Publishing the CV containing this large repository is also having issues, with the publish pausing part-way through with a proxy error:

[Mon Mar 29 07:53:44.461278 2021] [proxy_http:error] [pid 547921] (20014)Internal error (specific information not available): [client 10.12.34.226:41282] AH01102: error reading status line from remote server httpd-UDS:0
[Mon Mar 29 07:53:44.461370 2021] [proxy:error] [pid 547921] [client 10.12.34.226:41282] AH00898: Error reading from remote server returned by /pulp/api/v3/content/rpm/packages/
[Mon Mar 29 08:18:22.757667 2021] [proxy_http:error] [pid 1301] (20014)Internal error (specific information not available): [client 10.12.34.226:60306] AH01102: error reading status line from remote server httpd-UDS:0
[Mon Mar 29 08:18:22.768418 2021] [proxy:error] [pid 1301] [client 10.12.34.226:60306] AH00898: Error reading from remote server returned by /pulp/api/v3/content/rpm/packages/
[Mon Mar 29 08:22:30.693893 2021] [proxy_http:error] [pid 1297] (20014)Internal error (specific information not available): [client 10.12.34.226:60392] AH01102: error reading status line from remote server httpd-UDS:0
[Mon Mar 29 08:22:30.693964 2021] [proxy:error] [pid 1297] [client 10.12.34.226:60392] AH00898: Error reading from remote server returned by /pulp/api/v3/content/rpm/packages/

10.12.34.226 - - [29/Mar/2021:07:52:51 +0000] "GET /pulp/api/v3/content/rpm/packages/?arch__ne=src&fields=pulp_href&limit=2000&offset=0&repository_version=%2Fpulp%2Fapi%2Fv3%2Frepositories%2Frpm%2Frpm%2Fe3989c09-ead9-4b08-8173-356bacb6c306%2Fversions%2F1%2F HTTP/1.1" 502 341 "-" "OpenAPI-Generator/3.8.0/ruby"

John_Beranek · March 29, 2021, 10:20am

The /pulp/api/v3/content/rpm/packages/ call is timing out at the 600s Apache reverse proxy timeout period, I’m going to try upping that period.

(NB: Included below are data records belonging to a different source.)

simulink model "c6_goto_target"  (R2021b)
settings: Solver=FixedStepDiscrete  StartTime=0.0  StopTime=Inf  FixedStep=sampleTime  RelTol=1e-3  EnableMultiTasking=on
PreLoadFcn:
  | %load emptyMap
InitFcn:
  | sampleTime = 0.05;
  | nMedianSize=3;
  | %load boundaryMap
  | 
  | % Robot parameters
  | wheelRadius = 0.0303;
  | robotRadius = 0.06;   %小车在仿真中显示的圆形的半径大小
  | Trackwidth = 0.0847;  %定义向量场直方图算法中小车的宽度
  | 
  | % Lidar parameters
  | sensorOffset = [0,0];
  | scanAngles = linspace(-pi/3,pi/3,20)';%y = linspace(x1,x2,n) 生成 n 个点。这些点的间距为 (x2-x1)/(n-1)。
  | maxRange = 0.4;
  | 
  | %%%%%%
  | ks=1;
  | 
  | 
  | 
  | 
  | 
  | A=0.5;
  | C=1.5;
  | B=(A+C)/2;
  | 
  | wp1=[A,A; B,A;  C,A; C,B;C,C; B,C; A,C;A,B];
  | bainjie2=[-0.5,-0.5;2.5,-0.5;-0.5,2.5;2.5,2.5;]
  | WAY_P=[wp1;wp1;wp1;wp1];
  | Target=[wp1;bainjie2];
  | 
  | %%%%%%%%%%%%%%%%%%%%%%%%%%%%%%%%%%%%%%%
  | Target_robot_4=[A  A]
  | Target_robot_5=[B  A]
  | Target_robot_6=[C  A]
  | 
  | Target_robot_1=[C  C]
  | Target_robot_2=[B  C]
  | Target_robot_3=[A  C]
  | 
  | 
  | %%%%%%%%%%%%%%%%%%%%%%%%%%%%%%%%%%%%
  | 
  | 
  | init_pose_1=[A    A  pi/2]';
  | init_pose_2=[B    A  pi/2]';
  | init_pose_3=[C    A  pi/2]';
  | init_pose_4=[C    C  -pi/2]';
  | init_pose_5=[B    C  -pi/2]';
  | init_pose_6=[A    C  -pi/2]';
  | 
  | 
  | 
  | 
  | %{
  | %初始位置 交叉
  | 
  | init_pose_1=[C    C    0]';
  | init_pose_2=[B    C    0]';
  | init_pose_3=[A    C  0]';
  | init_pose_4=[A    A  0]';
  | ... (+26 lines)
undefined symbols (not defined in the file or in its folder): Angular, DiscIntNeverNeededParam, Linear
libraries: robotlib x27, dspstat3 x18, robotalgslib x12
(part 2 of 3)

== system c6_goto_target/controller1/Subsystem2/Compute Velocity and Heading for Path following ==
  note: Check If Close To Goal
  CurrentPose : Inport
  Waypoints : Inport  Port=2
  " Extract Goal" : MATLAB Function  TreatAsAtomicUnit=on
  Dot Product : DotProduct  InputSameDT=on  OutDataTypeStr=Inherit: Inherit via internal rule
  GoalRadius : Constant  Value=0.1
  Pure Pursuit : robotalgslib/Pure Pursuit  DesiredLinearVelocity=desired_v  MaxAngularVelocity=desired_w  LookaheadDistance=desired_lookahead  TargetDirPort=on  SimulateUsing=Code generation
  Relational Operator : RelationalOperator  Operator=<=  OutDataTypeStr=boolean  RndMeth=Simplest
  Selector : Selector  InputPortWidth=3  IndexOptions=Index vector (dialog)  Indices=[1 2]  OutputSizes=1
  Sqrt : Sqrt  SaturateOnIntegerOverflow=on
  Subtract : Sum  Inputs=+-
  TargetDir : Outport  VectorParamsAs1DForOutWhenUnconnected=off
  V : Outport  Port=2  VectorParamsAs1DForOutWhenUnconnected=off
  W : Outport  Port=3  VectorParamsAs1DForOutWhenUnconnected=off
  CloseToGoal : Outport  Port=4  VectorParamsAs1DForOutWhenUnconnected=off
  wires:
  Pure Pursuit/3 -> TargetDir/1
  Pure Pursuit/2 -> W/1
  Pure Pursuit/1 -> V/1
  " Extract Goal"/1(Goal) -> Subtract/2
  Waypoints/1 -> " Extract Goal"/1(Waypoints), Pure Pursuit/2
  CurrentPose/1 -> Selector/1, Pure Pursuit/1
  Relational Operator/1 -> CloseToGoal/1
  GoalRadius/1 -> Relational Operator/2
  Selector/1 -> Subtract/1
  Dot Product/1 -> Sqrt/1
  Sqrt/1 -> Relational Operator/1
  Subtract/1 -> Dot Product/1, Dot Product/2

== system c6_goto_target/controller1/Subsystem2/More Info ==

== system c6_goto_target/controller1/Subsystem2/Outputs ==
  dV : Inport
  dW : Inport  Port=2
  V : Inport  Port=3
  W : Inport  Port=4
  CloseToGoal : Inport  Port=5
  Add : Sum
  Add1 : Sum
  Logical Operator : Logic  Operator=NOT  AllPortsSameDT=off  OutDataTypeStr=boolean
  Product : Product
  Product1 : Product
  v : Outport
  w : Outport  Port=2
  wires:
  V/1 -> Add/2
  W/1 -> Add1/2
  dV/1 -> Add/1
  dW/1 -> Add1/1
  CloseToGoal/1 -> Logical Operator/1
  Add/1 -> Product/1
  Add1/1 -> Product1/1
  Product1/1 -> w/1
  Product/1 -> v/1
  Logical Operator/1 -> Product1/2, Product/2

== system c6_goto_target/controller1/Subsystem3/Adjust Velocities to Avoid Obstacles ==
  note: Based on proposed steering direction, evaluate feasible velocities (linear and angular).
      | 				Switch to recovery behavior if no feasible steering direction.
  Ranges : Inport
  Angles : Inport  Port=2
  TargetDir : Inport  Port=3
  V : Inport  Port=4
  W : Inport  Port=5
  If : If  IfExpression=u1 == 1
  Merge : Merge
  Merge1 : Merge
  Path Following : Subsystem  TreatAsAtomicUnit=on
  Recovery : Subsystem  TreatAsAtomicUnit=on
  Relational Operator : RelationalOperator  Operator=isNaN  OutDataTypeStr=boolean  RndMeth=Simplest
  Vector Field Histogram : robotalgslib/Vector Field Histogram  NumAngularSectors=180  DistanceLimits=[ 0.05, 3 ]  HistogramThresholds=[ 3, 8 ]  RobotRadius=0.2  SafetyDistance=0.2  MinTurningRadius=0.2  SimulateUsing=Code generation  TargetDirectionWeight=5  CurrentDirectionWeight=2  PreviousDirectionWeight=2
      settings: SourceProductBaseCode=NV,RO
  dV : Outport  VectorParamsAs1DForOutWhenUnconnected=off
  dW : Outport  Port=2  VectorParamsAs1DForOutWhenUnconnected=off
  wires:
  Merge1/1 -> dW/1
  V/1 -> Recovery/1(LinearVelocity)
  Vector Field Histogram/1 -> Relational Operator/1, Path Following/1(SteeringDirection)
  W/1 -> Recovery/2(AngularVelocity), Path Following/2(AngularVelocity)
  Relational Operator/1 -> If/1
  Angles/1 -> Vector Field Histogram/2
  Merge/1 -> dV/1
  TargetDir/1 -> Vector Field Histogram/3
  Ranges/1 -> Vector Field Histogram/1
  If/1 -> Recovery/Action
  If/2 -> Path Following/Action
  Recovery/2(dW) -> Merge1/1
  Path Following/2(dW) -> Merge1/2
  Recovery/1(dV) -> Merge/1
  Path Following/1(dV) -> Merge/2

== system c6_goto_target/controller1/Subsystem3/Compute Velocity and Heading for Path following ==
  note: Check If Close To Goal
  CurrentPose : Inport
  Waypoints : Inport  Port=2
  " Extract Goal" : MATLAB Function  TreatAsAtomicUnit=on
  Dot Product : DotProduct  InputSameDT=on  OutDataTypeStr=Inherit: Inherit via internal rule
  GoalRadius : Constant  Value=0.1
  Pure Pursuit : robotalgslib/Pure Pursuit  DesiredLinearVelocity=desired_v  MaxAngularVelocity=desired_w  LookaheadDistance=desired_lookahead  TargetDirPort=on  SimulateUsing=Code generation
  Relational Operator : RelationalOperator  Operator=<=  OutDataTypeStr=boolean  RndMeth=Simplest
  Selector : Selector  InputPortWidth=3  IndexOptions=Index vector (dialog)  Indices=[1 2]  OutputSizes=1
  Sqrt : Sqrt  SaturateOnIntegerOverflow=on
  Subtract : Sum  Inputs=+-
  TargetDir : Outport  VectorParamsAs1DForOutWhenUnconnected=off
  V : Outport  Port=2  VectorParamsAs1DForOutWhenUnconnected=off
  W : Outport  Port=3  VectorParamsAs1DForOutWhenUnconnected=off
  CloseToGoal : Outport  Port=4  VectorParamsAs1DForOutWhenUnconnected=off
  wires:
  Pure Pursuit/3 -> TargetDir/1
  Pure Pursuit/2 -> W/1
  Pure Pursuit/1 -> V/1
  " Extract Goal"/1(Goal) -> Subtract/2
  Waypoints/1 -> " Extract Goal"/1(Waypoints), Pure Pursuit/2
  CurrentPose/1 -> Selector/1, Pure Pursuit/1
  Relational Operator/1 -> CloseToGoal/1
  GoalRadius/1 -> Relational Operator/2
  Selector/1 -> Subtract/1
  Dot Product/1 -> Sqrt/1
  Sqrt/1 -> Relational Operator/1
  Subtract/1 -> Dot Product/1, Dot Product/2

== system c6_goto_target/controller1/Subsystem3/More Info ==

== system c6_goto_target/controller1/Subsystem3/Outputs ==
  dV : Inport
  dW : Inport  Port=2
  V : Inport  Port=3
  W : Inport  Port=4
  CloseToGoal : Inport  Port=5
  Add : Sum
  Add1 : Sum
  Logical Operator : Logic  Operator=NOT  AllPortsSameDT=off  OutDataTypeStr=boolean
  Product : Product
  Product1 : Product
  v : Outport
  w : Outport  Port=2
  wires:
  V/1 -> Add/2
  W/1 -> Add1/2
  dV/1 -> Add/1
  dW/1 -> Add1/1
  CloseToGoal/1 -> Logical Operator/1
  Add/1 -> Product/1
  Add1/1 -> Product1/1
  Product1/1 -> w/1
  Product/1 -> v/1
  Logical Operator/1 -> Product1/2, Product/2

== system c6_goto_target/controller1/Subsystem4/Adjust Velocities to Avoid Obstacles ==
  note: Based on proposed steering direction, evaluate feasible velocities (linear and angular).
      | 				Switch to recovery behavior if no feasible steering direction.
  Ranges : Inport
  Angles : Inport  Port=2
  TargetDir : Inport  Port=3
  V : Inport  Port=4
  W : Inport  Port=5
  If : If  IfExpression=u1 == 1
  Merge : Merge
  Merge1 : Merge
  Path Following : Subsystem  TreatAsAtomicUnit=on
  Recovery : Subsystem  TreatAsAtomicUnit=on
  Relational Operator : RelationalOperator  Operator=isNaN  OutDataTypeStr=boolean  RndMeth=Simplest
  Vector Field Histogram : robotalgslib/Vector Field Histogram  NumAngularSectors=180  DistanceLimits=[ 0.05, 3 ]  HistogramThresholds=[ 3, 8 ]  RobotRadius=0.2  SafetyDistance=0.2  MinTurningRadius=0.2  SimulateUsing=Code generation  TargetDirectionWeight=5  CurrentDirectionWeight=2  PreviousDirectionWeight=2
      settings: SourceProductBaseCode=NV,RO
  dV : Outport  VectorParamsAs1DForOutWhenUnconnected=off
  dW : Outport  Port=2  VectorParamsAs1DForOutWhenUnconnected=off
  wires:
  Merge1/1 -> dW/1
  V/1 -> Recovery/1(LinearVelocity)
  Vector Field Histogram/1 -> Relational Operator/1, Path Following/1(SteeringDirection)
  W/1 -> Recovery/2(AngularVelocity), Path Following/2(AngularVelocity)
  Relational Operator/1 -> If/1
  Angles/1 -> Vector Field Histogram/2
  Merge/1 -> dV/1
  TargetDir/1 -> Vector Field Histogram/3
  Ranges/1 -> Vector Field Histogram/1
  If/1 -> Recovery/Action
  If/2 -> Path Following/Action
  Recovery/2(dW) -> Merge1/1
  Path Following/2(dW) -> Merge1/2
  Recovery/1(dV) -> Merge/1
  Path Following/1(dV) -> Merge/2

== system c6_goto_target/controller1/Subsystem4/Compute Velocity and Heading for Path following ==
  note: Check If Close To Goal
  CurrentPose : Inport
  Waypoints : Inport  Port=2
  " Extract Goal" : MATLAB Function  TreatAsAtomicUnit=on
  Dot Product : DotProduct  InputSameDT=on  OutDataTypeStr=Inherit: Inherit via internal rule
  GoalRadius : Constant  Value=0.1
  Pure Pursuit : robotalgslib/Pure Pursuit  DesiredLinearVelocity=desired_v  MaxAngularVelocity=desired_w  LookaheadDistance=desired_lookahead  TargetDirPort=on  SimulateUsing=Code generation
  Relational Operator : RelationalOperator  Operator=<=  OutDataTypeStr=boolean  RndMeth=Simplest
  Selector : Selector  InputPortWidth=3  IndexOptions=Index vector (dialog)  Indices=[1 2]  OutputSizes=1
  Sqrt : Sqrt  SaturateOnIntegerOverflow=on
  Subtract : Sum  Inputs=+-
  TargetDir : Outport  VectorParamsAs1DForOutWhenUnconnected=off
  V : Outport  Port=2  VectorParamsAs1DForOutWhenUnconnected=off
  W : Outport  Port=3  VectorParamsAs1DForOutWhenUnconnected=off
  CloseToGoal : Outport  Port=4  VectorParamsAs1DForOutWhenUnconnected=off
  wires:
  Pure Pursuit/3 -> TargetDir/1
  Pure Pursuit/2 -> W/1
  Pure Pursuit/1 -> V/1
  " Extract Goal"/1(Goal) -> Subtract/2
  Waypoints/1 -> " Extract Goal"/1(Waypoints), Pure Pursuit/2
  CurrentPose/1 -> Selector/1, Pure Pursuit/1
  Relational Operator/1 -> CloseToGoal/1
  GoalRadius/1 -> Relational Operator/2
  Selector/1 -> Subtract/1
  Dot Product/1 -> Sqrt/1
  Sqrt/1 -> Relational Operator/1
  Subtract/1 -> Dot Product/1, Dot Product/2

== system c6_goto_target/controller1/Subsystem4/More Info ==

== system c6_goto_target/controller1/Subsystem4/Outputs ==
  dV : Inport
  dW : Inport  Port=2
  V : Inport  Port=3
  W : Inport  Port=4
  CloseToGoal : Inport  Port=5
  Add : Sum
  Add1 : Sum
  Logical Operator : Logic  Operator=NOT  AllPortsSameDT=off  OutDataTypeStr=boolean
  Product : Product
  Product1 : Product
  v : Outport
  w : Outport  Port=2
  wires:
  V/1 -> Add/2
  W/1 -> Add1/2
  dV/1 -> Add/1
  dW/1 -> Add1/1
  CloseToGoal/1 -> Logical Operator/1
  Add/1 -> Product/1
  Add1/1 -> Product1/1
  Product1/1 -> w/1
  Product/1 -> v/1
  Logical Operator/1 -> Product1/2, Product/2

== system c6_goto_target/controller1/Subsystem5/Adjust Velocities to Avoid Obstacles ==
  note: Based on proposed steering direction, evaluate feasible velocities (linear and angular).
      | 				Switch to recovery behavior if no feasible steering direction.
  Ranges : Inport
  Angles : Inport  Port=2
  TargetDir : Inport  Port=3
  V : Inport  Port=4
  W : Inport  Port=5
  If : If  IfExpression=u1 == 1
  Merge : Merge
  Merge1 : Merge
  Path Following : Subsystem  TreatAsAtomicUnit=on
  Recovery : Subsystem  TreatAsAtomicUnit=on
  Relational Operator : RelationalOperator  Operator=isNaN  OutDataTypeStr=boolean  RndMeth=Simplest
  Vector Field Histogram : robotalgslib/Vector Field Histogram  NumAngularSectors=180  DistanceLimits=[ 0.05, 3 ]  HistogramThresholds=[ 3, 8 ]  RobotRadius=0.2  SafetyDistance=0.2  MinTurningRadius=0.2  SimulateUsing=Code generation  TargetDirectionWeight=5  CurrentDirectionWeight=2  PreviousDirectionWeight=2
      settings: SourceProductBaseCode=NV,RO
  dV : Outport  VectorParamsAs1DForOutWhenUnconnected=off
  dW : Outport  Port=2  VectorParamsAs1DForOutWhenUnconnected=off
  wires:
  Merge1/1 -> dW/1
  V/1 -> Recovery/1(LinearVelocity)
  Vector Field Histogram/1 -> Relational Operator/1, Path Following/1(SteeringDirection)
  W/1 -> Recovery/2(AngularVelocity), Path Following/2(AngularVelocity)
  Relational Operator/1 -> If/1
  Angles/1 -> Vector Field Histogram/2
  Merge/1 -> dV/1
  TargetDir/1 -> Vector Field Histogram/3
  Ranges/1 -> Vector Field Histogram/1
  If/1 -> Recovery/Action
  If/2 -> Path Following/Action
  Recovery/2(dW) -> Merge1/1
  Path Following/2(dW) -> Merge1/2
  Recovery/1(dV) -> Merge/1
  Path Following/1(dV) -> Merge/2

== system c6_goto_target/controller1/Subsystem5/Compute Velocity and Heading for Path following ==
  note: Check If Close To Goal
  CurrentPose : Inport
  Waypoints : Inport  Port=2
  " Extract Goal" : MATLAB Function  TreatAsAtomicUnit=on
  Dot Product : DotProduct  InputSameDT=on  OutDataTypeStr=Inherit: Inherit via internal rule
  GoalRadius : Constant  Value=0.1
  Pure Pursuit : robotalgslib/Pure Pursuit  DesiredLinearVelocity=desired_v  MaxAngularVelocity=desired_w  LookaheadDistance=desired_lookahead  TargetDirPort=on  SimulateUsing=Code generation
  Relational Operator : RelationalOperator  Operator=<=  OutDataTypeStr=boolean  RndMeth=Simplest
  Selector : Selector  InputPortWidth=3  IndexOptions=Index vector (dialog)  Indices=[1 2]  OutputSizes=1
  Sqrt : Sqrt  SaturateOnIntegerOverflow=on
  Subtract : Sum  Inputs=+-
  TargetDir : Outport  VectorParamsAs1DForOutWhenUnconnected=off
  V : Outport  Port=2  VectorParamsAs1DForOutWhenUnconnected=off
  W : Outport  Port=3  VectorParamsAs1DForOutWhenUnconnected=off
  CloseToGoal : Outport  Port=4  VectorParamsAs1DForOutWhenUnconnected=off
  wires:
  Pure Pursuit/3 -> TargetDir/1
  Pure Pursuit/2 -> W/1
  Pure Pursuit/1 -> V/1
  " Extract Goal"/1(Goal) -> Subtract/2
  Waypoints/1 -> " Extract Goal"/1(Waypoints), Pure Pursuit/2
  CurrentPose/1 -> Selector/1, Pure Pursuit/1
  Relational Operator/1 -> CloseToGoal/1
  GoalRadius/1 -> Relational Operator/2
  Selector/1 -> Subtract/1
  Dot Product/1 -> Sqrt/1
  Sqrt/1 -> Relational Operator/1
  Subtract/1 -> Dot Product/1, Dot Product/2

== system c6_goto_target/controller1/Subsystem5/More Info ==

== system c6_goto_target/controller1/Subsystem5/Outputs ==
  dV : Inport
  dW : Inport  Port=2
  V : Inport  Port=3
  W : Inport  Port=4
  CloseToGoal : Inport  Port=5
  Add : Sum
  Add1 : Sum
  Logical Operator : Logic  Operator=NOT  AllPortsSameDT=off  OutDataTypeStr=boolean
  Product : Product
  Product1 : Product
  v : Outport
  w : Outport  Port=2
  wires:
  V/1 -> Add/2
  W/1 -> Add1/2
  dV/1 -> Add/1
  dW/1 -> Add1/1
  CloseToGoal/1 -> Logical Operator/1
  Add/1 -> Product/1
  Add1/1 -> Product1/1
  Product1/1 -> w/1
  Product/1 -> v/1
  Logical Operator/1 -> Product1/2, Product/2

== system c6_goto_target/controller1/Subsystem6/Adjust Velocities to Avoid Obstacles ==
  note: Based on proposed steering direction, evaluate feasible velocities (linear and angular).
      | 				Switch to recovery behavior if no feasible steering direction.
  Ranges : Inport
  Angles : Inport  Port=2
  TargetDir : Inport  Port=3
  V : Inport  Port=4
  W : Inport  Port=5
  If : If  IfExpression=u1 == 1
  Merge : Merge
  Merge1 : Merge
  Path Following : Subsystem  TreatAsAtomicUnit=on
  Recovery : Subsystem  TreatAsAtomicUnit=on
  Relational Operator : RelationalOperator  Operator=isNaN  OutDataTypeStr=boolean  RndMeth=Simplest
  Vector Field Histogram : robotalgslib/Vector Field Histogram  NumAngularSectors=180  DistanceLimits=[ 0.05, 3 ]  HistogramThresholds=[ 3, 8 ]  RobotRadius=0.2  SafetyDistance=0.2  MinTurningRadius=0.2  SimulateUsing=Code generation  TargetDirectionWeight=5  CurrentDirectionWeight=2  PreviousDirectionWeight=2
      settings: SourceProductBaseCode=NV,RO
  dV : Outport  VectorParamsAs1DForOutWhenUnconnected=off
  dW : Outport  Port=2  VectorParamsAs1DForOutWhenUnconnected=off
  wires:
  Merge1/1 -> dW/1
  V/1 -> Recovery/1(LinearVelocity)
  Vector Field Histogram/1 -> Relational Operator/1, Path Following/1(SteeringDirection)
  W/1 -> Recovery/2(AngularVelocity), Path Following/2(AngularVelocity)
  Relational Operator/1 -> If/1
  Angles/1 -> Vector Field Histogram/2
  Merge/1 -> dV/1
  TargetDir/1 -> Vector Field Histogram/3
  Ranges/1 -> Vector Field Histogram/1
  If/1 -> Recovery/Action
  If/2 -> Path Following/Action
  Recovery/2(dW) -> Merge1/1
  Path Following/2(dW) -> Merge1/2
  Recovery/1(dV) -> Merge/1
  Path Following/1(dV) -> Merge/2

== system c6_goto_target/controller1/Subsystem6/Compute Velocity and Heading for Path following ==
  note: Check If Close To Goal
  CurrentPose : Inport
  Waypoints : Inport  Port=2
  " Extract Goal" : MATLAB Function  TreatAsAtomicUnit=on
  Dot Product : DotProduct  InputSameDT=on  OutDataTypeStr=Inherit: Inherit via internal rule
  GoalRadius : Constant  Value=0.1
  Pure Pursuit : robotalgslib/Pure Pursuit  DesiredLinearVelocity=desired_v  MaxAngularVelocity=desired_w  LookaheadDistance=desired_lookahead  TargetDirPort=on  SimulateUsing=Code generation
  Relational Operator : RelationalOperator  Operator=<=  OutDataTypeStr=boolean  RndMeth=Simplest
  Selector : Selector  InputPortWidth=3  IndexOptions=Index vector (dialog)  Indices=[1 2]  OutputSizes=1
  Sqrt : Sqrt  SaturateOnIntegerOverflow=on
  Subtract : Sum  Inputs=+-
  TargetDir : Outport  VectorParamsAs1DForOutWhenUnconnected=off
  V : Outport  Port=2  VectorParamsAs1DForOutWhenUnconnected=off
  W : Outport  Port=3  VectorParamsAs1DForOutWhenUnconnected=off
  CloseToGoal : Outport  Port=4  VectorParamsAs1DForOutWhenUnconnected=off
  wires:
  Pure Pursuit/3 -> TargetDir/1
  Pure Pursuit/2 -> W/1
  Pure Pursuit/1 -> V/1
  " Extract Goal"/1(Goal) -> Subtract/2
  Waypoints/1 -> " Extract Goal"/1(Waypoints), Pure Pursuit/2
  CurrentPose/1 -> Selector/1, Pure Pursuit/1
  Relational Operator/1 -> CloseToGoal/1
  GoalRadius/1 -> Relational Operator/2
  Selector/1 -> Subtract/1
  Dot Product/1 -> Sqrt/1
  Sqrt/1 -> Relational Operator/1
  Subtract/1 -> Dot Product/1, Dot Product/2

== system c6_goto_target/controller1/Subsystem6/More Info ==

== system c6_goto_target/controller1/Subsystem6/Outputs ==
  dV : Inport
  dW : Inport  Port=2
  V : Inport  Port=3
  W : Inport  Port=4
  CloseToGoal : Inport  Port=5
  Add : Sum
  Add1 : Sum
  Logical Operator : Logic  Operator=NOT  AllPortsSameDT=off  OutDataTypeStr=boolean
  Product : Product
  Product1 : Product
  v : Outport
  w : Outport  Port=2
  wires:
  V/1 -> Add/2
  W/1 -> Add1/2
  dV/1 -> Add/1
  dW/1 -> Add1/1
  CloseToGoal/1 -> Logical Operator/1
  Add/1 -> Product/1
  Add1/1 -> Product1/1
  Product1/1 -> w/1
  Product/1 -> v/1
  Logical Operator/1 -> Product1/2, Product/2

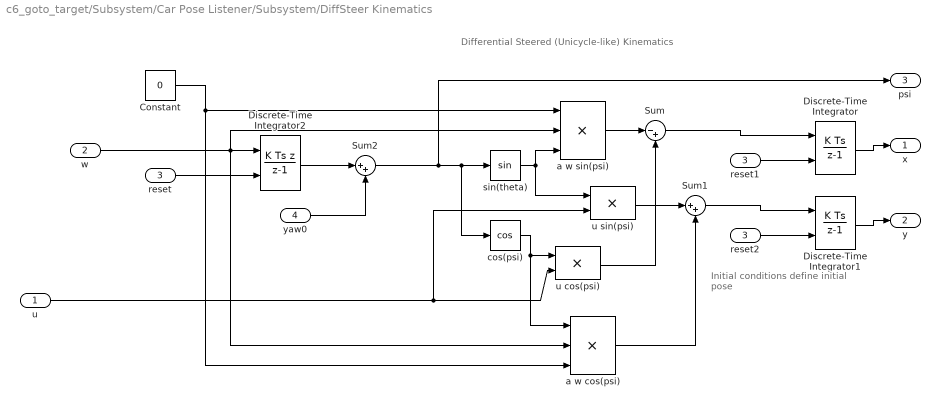
== system c6_goto_target/Subsystem/Car Pose Listener/Subsystem/DiffSteer Kinematics ==
  note: Initial conditions define
      | initial pose
  note: Differential Steered (Unicycle-like) Kinematics
  u : Inport
  w : Inport  Port=2
  reset : Inport  Port=3
  yaw0 : Inport  Port=4
  Constant : Constant  Value=0
  Discrete-Time Integrator : DiscreteIntegrator  ExternalReset=falling  SampleTime=-1  ICPrevOutput=DiscIntNeverNeededParam  ICPrevScaledInput=DiscIntNeverNeededParam
  Discrete-Time Integrator1 : DiscreteIntegrator  ExternalReset=falling  SampleTime=-1  ICPrevOutput=DiscIntNeverNeededParam  ICPrevScaledInput=DiscIntNeverNeededParam
  Discrete-Time Integrator2 : DiscreteIntegrator  IntegratorMethod=Integration: Backward Euler  ExternalReset=falling  SampleTime=-1  ICPrevOutput=DiscIntNeverNeededParam  ICPrevScaledInput=DiscIntNeverNeededParam
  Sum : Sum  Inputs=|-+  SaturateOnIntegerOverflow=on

John_Beranek · March 29, 2021, 10:25am

The CVV publish eventually worked…

iballou · March 29, 2021, 1:54pm

@John_Beranek I tested it myself on a small test system (2 cores, ~15GB RAM, puppetserver disabled ) and I noticed rq maxing out at 8.2 GB. I’ve created a Pulp issue (Issue #8467: RQ worker takes up a lot of RAM when syncing OL7 repository - RPM Support - Pulp) so it can get some investigation.